Friday, August 17, 2012

Poverty - Types and Indicators

Poverty can be of different types like absolute poverty and relative poverty. There may be many other classifications like urban poverty, rural poverty, primary poverty, secondary poverty and many more. Whatever be the type of poverty, the basic reason has always been lack of adequate income. Here comes the role of unemployment behind poverty.
Lack of employment opportunities and the consequential income disparity bring about mass poverty in most of the developing and underdeveloped economies of the world.

Absolute Poverty

Poverty is usually measured as either absolute or relative poverty (the later being actually an index of income inequality). Absolute poverty refers to a set standard which is consistent over time and between countries.
The World Bank defines extreme poverty as living on less than US $1.25 (PPP) per day, and moderate poverty as less than $ 2 a day (but note that a person or family with access to subsistence resources, e.g. subsistence farmers, may have low cash income without a correspondingly low standard of living - they are not living on their cash income but using it as a top up). It estimates that in 2001, 1.1 billion people had consumption level below 1$ a day and 2.7$ billion lived on less than $2 a day.

Relative Poverty

Relative poverty views poverty as socially defined and dependent on social context, hence relative poverty is a measure of income inequality. Usually, relative poverty is measured as the percentage of population with income less than some fixed proportion of median income. There are several other income inequality metrics, for example for Gini coefficient or the Theil Index.
Relative poverty measures are used as official poverty rates in several developed countries. As such these poverty statistics  measure inequality rather than material deprivation or hardship. The measurements are usually based on a person's yearly income and frequently take no account of total wealth. The main poverty line used in the OECD and the European Union is based on 'economic distance' a level of income is set at 60% of the medial household income. 

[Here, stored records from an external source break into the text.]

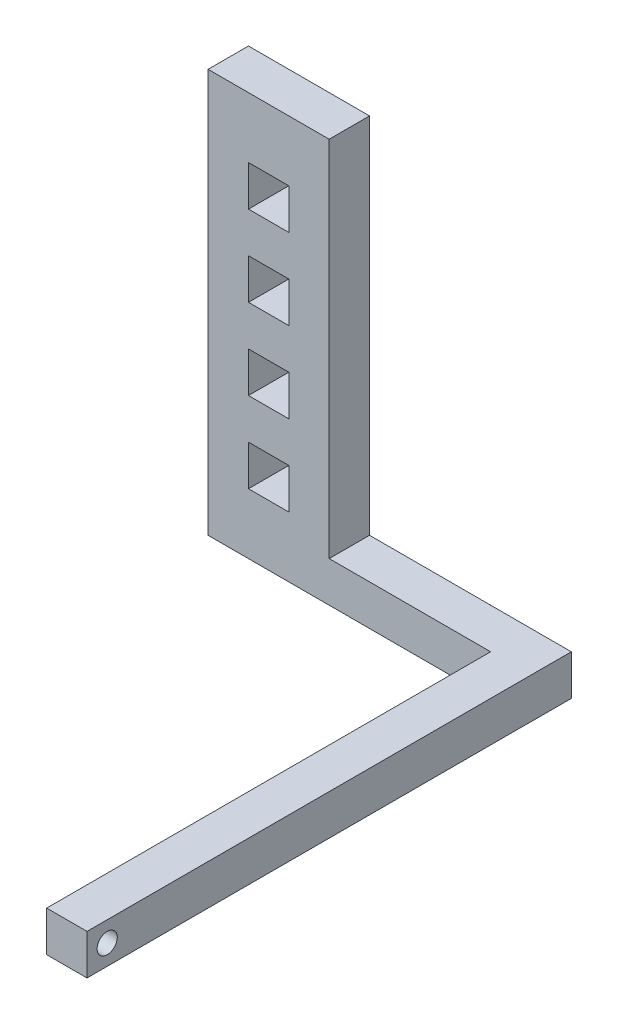
from build123d import *

# Parameters (mm, degrees)
SKETCH_1_W      = 30
SKETCH_1_H      = 100
SKETCH_1_W_2    = 10
SKETCH_1_H_2    = 10
EXTRUDE_1_DEPTH = 10
SKETCH_2_W      = 10
SKETCH_2_H      = 10.013991437
EXTRUDE_2_DEPTH = 50
SKETCH_3_W      = 120
SKETCH_3_H      = 10
SKETCH_3_R      = 2.5
EXTRUDE_3_DEPTH = 10


with BuildPart() as part:
    # 스케치1 → 보스-돌출1 (new body)
    with BuildSketch(Plane.XY):
        Rectangle(SKETCH_1_W, SKETCH_1_H)
        with Locations((0, 10)):
            Rectangle(SKETCH_1_W_2, SKETCH_1_H_2, mode=Mode.SUBTRACT)
        with Locations((0, 30)):
            Rectangle(SKETCH_1_W_2, SKETCH_1_H_2, mode=Mode.SUBTRACT)
        with Locations((0, -10)):
            Rectangle(SKETCH_1_W_2, SKETCH_1_H_2, mode=Mode.SUBTRACT)
        with Locations((0, -30)):
            Rectangle(SKETCH_1_W_2, SKETCH_1_H_2, mode=Mode.SUBTRACT)
    extrude(amount=EXTRUDE_1_DEPTH)

    # 스케치2 → 보스-돌출2 (add)
    with BuildSketch(Plane(origin=(15, 0, 0), x_dir=(0, 0, -1), z_dir=(1, 0, 0))):
        with Locations((-5, -44.993004282)):
            Rectangle(SKETCH_2_W, SKETCH_2_H)
    extrude(amount=EXTRUDE_2_DEPTH)

    # 스케치3 → 보스-돌출3 (add)
    with BuildSketch(Plane(origin=(65, 0, 0), x_dir=(0, 0, -1), z_dir=(1, 0, 0))):
        with Locations((-60, -44.986008563)):
            Rectangle(SKETCH_3_W, SKETCH_3_H)
        with Locations((-115, -44.986008563)):
            Circle(SKETCH_3_R, mode=Mode.SUBTRACT)
    extrude(amount=-EXTRUDE_3_DEPTH)


solid = part.part

Multidimensional Poverty Index

The multidimensional Poverty Index (MPI) was developed in 2010 ny Oxford Poverty and Human Development Initiative and the United Nations Development Program. The MPI is an index of acute multidimensional povety. It reflects deprivations in very rudimentary services and core human functioning for people across 104 countries. Although deeply constrained by data limitations, MPI reveals a different pattern of poverty than income poverty, as it illuminates a different set of deprivations.
The MPI has three dimensions - health, education, and standard of living. These are measured using ten indicators. Each dimension and each indicator within a dimension is equally weighted.

These 10 indicators are used to calculate the MPI:
Education (each indicator is weighted equally at 1/6)
  • Years of Schooling - Deprived if no household member has completed five years of schooling.
  • Child Enrollment - Deprived if any school aged child is not attending school in years 1 to 8.

Health (each indicator is weighted equally at 1/6)
  • Child Mortality - Deprived if any child has died in the family
  • Nutrition - Deprived if any adult or child for whom there is nutritional information is malnourished.

Standard of Living (each indicator is weighted equally at 1/18)
  • Electricity - Deprived if the household has no electricity.
  • Sanitation - Deprived if they do not have an improved toilet or if their toiled is shared (MDG Definition).
  • Drinking Water - Deprived if the household does not have access to clean drinking water or clean water is more than 30 minutes walk from home (MDG Definition).
  • Floor - Deprived if the household has dirt, sand or dung floor.
  • Cooking Fuel - Deprived if they cook with wood, charcoal or dung.
  • Assets - Deprived if the household does not own more than one of radio, TV, telephone, bike or motorbike.

A person is considered poor if they are deprived in at least 30% of the weighted indicators. The intensity of poverty denoted the proportion of indicators in which they are deprived.

Thursday, May 24, 2012

Government Announces New Expert Panel on Poverty Estimates

The State-wise poverty lines and poverty ratio for 2009-10 have been computed following the extant Tendulkar methodology.  Based on the said methodology the Planning Commission has released the estimates through a Press Note issued on 19th March, 2012.  As indicated in the Press Note, the poverty ratio in the country has come down from 37.2% in 2004-05 to 29.8% in 2009-10.  As a result, the number of poor persons in the country has reduced from 40.7 crore in 2004-05 to 35.5 crore in 2009-10.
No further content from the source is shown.